Exercise details =>
Character for character, transcribe the entries below, minus the images.

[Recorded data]

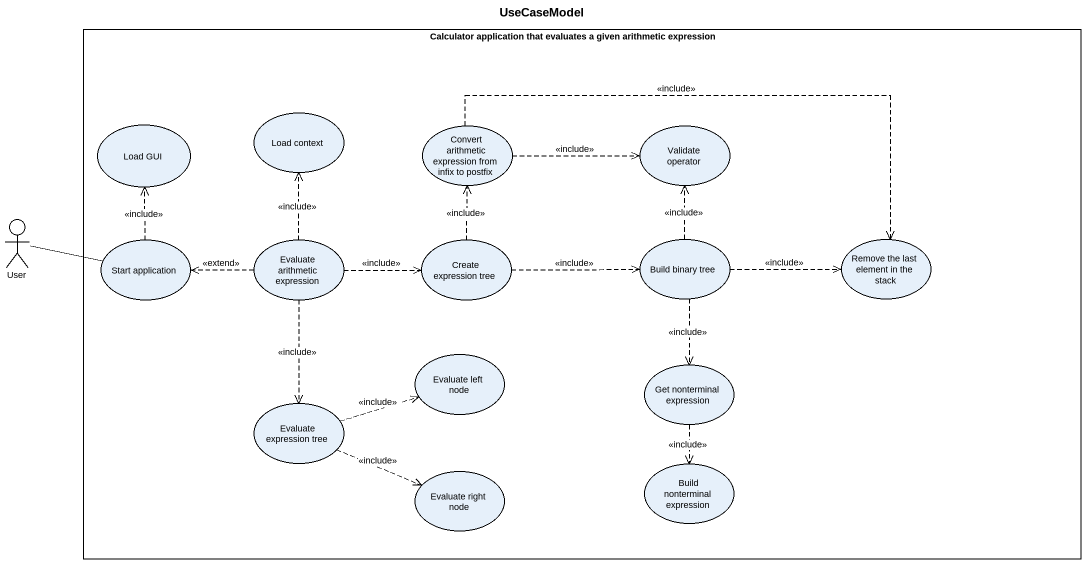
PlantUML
@startuml
title UseCaseModel
rectangle "Calculator application that evaluates a given arithmetic expression" as Calculator_application_that {
  usecase "Load context" as Load_context
  usecase "Load GUI" as Load_GUI
  usecase "Convert arithmetic expression from infix to postfix" as Convert_arithmetic
  usecase "Validate operator" as Validate_operator
  usecase "Start application" as Start_application
  usecase "Evaluate arithmetic expression" as Evaluate_arithmetic
  usecase "Create expression tree" as Create_expression_tree
  usecase "Build binary tree" as Build_binary_tree
  usecase "Remove the last element in the stack" as Remove_the_last_element_in
  usecase "Evaluate left node" as Evaluate_left_node
  usecase "Get nonterminal expression" as Get_nonterminal_expression
  usecase "Evaluate expression tree" as Evaluate_expression_tree
  usecase "Build nonterminal expression" as Build_nonterminal_expression
  usecase "Evaluate right node" as Evaluate_right_node
}
actor User
Convert_arithmetic .right.> Validate_operator : <<include>>
Convert_arithmetic .right.> Remove_the_last_element_in : <<include>>
User -right- Start_application
Start_application .up.> Load_GUI : <<include>>
Evaluate_arithmetic .up.> Load_context : <<include>>
Evaluate_arithmetic .left.> Start_application : <<extend>>
Evaluate_arithmetic .right.> Create_expression_tree : <<include>>
Evaluate_arithmetic ..> Evaluate_expression_tree : <<include>>
Create_expression_tree .up.> Convert_arithmetic : <<include>>
Create_expression_tree .right.> Build_binary_tree : <<include>>
Build_binary_tree .up.> Validate_operator : <<include>>
Build_binary_tree .right.> Remove_the_last_element_in : <<include>>
Build_binary_tree ..> Get_nonterminal_expression : <<include>>
Get_nonterminal_expression ..> Build_nonterminal_expression : <<include>>
Evaluate_expression_tree .right.> Evaluate_left_node : <<include>>
Evaluate_expression_tree .right.> Evaluate_right_node : <<include>>
@enduml
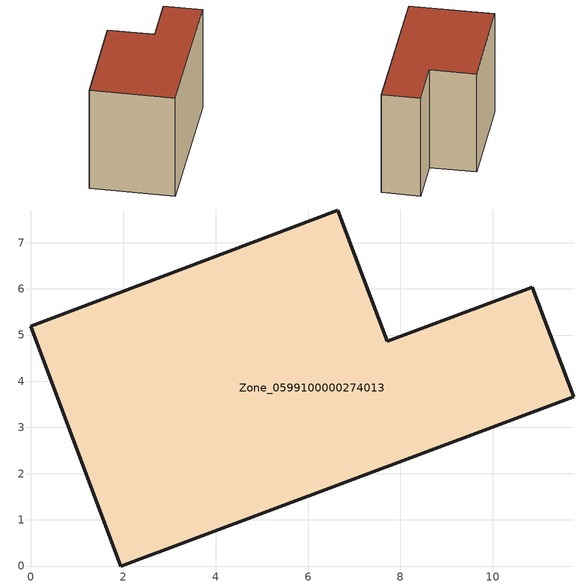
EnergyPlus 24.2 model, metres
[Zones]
Zone_0599100000274013
 floor ground (C_G): 1.95,0 0,5.19 6.65,7.71 7.72,4.87 10.86,6.04 11.75,3.67 z0
 wall outside (C_F): 1.95,0 11.75,3.67 10.86,6.04 7.72,4.87 6.65,7.71 0,5.19 1.95,0 z0:7.42
 roof outside (C_R): 0,5.19 1.95,0 11.75,3.67 10.86,6.04 7.72,4.87 6.65,7.71 z7.42
[BUILDING]
Pand.0599100000274013: North Axis=0; Terrain=City; Loads Convergence Tolerance Value=0.04; Temperature Convergence Tolerance Value=0.4; Solar Distribution=FullExterior; Maximum Number of Warmup Days=25; Minimum Number of Warmup Days=1
[Site:Location]
Rotterdam.The.Hague.AP_ZH_NLD Design_Conditions: Latitude=51.96; Longitude=4.45; Time Zone=1; Elevation=-4.5
[SITE:GROUNDTEMPERATURE:BUILDINGSURFACE]
18, 18, 18, 18, 18, 18, 18, 18, 18, 18, 18, 18
[MATERIAL] Thermal Absorptance=0.9; Solar Absorptance=0.7; Visible Absorptance=0.7
Name | Roughness | Thickness | Conductivity | Density | Specific Heat
G.TI.1946 | MediumSmooth | 0.15 | 1 | 540 | 1210
F.TI.1946 | Rough | 0.3 | 0.857143 | 1920 | 840
R.TI.1946 | MediumRough | 0.2 | 0.1 | 1500 | 1000
[CONSTRUCTION]
C_G: G.TI.1946
C_F: F.TI.1946
C_R: R.TI.1946
[ZONE]
Zone_0599100000274013: Type=1; Multiplier=1; Ceiling Height=Autocalculate; Volume=Autocalculate; Floor Area=autocalculate; Part of Total Floor Area=Yes
[ZONEINFILTRATION:DESIGNFLOWRATE]
Infil_Zone_0599100000274013: Zone or ZoneList or Space or SpaceList=Zone_0599100000274013; Schedule=AlwaysOn; Design Flow Rate Calculation Method=Flow/Area; Flow Rate per Floor Area=0.003; Constant Term Coefficient=1; Temperature Term Coefficient=0; Velocity Term Coefficient=0; Velocity Squared Term Coefficient=0
[HVACTEMPLATE:ZONE:IDEALLOADSAIRSYSTEM]
Zone_0599100000274013: Maximum Heating Supply Air Temperature=50; Minimum Cooling Supply Air Temperature=13; Maximum Heating Supply Air Humidity Ratio=0.0156; Minimum Cooling Supply Air Humidity Ratio=0.0077; Heating Limit=NoLimit; Cooling Limit=NoLimit; Dehumidification Control Type=ConstantSensibleHeatRatio; Cooling Sensible Heat Ratio=0.7; Dehumidification Setpoint=60; Humidification Control Type=None; Humidification Setpoint=30; Outdoor Air Method=None; Outdoor Air Flow Rate per Person=0.00944; Outdoor Air Flow Rate per Zone Floor Area=0; Outdoor Air Flow Rate per Zone=0; Demand Controlled Ventilation Type=None; Outdoor Air Economizer Type=NoEconomizer; Heat Recovery Type=None; Sensible Heat Recovery Effectiveness=0.7; Latent Heat Recovery Effectiveness=0.65
[ZONECONTROL:THERMOSTAT]
ThermostatControl_Zone_0599100000274013: Zone or ZoneList=Zone_0599100000274013; Control Type Schedule=DualSetpointControlType; Control 1=Thermostat_Zone_0599100000274013; Temperature Difference Between Cutout And Setpoint=0
[THERMOSTATSETPOINT:DUALSETPOINT]
Thermostat_Zone_0599100000274013: Heating Setpoint Temperature Schedule=HeatingSetpoint_Zone_0599100000274013; Cooling Setpoint Temperature Schedule=CoolingSetpoint_Zone_0599100000274013
[SCHEDULE:COMPACT]
HeatingSetpoint_Zone_0599100000274013: Through: 12/31, For: AllDays, Until: 24:00, 21
CoolingSetpoint_Zone_0599100000274013: Through: 12/31, For: AllDays, Until: 24:00, 24
DualSetpointControlType: Through: 12/31, For: AllDays, Until: 24:00, 4
AlwaysOn: Through: 12/31, For: AllDays, Until: 24:00, 1

Expected answer =>
PlantUML
@startuml
title UseCaseModel
rectangle "Calculator application that evaluates a given arithmetic expression" as Calculator_application_that {
  usecase "Load context" as Load_context
  usecase "Load GUI" as Load_GUI
  usecase "Convert arithmetic expression from infix to postfix" as Convert_arithmetic
  usecase "Validate operator" as Validate_operator
  usecase "Start application" as Start_application
  usecase "Evaluate arithmetic expression" as Evaluate_arithmetic
  usecase "Create expression tree" as Create_expression_tree
  usecase "Build binary tree" as Build_binary_tree
  usecase "Remove the last element in the stack" as Remove_the_last_element_in
  usecase "Evaluate left node" as Evaluate_left_node
  usecase "Get nonterminal expression" as Get_nonterminal_expression
  usecase "Evaluate expression tree" as Evaluate_expression_tree
  usecase "Build nonterminal expression" as Build_nonterminal_expression
  usecase "Evaluate right node" as Evaluate_right_node
}
actor User
Convert_arithmetic .right.> Validate_operator : <<include>>
Convert_arithmetic .right.> Remove_the_last_element_in : <<include>>
User -right- Start_application
Start_application .up.> Load_GUI : <<include>>
Evaluate_arithmetic .up.> Load_context : <<include>>
Evaluate_arithmetic .left.> Start_application : <<extend>>
Evaluate_arithmetic .right.> Create_expression_tree : <<include>>
Evaluate_arithmetic ..> Evaluate_expression_tree : <<include>>
Create_expression_tree .up.> Convert_arithmetic : <<include>>
Create_expression_tree .right.> Build_binary_tree : <<include>>
Build_binary_tree .up.> Validate_operator : <<include>>
Build_binary_tree .right.> Remove_the_last_element_in : <<include>>
Build_binary_tree ..> Get_nonterminal_expression : <<include>>
Get_nonterminal_expression ..> Build_nonterminal_expression : <<include>>
Evaluate_expression_tree .right.> Evaluate_left_node : <<include>>
Evaluate_expression_tree .right.> Evaluate_right_node : <<include>>
@enduml
EnergyPlus 24.2 model, metres
[Zones]
Zone_0599100000274013
 floor ground (C_G): 1.95,0 0,5.19 6.65,7.71 7.72,4.87 10.86,6.04 11.75,3.67 z0
 wall outside (C_F): 1.95,0 11.75,3.67 10.86,6.04 7.72,4.87 6.65,7.71 0,5.19 1.95,0 z0:7.42
 roof outside (C_R): 0,5.19 1.95,0 11.75,3.67 10.86,6.04 7.72,4.87 6.65,7.71 z7.42
[BUILDING]
Pand.0599100000274013: North Axis=0; Terrain=City; Loads Convergence Tolerance Value=0.04; Temperature Convergence Tolerance Value=0.4; Solar Distribution=FullExterior; Maximum Number of Warmup Days=25; Minimum Number of Warmup Days=1
[Site:Location]
Rotterdam.The.Hague.AP_ZH_NLD Design_Conditions: Latitude=51.96; Longitude=4.45; Time Zone=1; Elevation=-4.5
[SITE:GROUNDTEMPERATURE:BUILDINGSURFACE]
18, 18, 18, 18, 18, 18, 18, 18, 18, 18, 18, 18
[MATERIAL] Thermal Absorptance=0.9; Solar Absorptance=0.7; Visible Absorptance=0.7
Name | Roughness | Thickness | Conductivity | Density | Specific Heat
G.TI.1946 | MediumSmooth | 0.15 | 1 | 540 | 1210
F.TI.1946 | Rough | 0.3 | 0.857143 | 1920 | 840
R.TI.1946 | MediumRough | 0.2 | 0.1 | 1500 | 1000
[CONSTRUCTION]
C_G: G.TI.1946
C_F: F.TI.1946
C_R: R.TI.1946
[ZONE]
Zone_0599100000274013: Type=1; Multiplier=1; Ceiling Height=Autocalculate; Volume=Autocalculate; Floor Area=autocalculate; Part of Total Floor Area=Yes
[ZONEINFILTRATION:DESIGNFLOWRATE]
Infil_Zone_0599100000274013: Zone or ZoneList or Space or SpaceList=Zone_0599100000274013; Schedule=AlwaysOn; Design Flow Rate Calculation Method=Flow/Area; Flow Rate per Floor Area=0.003; Constant Term Coefficient=1; Temperature Term Coefficient=0; Velocity Term Coefficient=0; Velocity Squared Term Coefficient=0
[HVACTEMPLATE:ZONE:IDEALLOADSAIRSYSTEM]
Zone_0599100000274013: Maximum Heating Supply Air Temperature=50; Minimum Cooling Supply Air Temperature=13; Maximum Heating Supply Air Humidity Ratio=0.0156; Minimum Cooling Supply Air Humidity Ratio=0.0077; Heating Limit=NoLimit; Cooling Limit=NoLimit; Dehumidification Control Type=ConstantSensibleHeatRatio; Cooling Sensible Heat Ratio=0.7; Dehumidification Setpoint=60; Humidification Control Type=None; Humidification Setpoint=30; Outdoor Air Method=None; Outdoor Air Flow Rate per Person=0.00944; Outdoor Air Flow Rate per Zone Floor Area=0; Outdoor Air Flow Rate per Zone=0; Demand Controlled Ventilation Type=None; Outdoor Air Economizer Type=NoEconomizer; Heat Recovery Type=None; Sensible Heat Recovery Effectiveness=0.7; Latent Heat Recovery Effectiveness=0.65
[ZONECONTROL:THERMOSTAT]
ThermostatControl_Zone_0599100000274013: Zone or ZoneList=Zone_0599100000274013; Control Type Schedule=DualSetpointControlType; Control 1=Thermostat_Zone_0599100000274013; Temperature Difference Between Cutout And Setpoint=0
[THERMOSTATSETPOINT:DUALSETPOINT]
Thermostat_Zone_0599100000274013: Heating Setpoint Temperature Schedule=HeatingSetpoint_Zone_0599100000274013; Cooling Setpoint Temperature Schedule=CoolingSetpoint_Zone_0599100000274013
[SCHEDULE:COMPACT]
HeatingSetpoint_Zone_0599100000274013: Through: 12/31, For: AllDays, Until: 24:00, 21
CoolingSetpoint_Zone_0599100000274013: Through: 12/31, For: AllDays, Until: 24:00, 24
DualSetpointControlType: Through: 12/31, For: AllDays, Until: 24:00, 4
AlwaysOn: Through: 12/31, For: AllDays, Until: 24:00, 1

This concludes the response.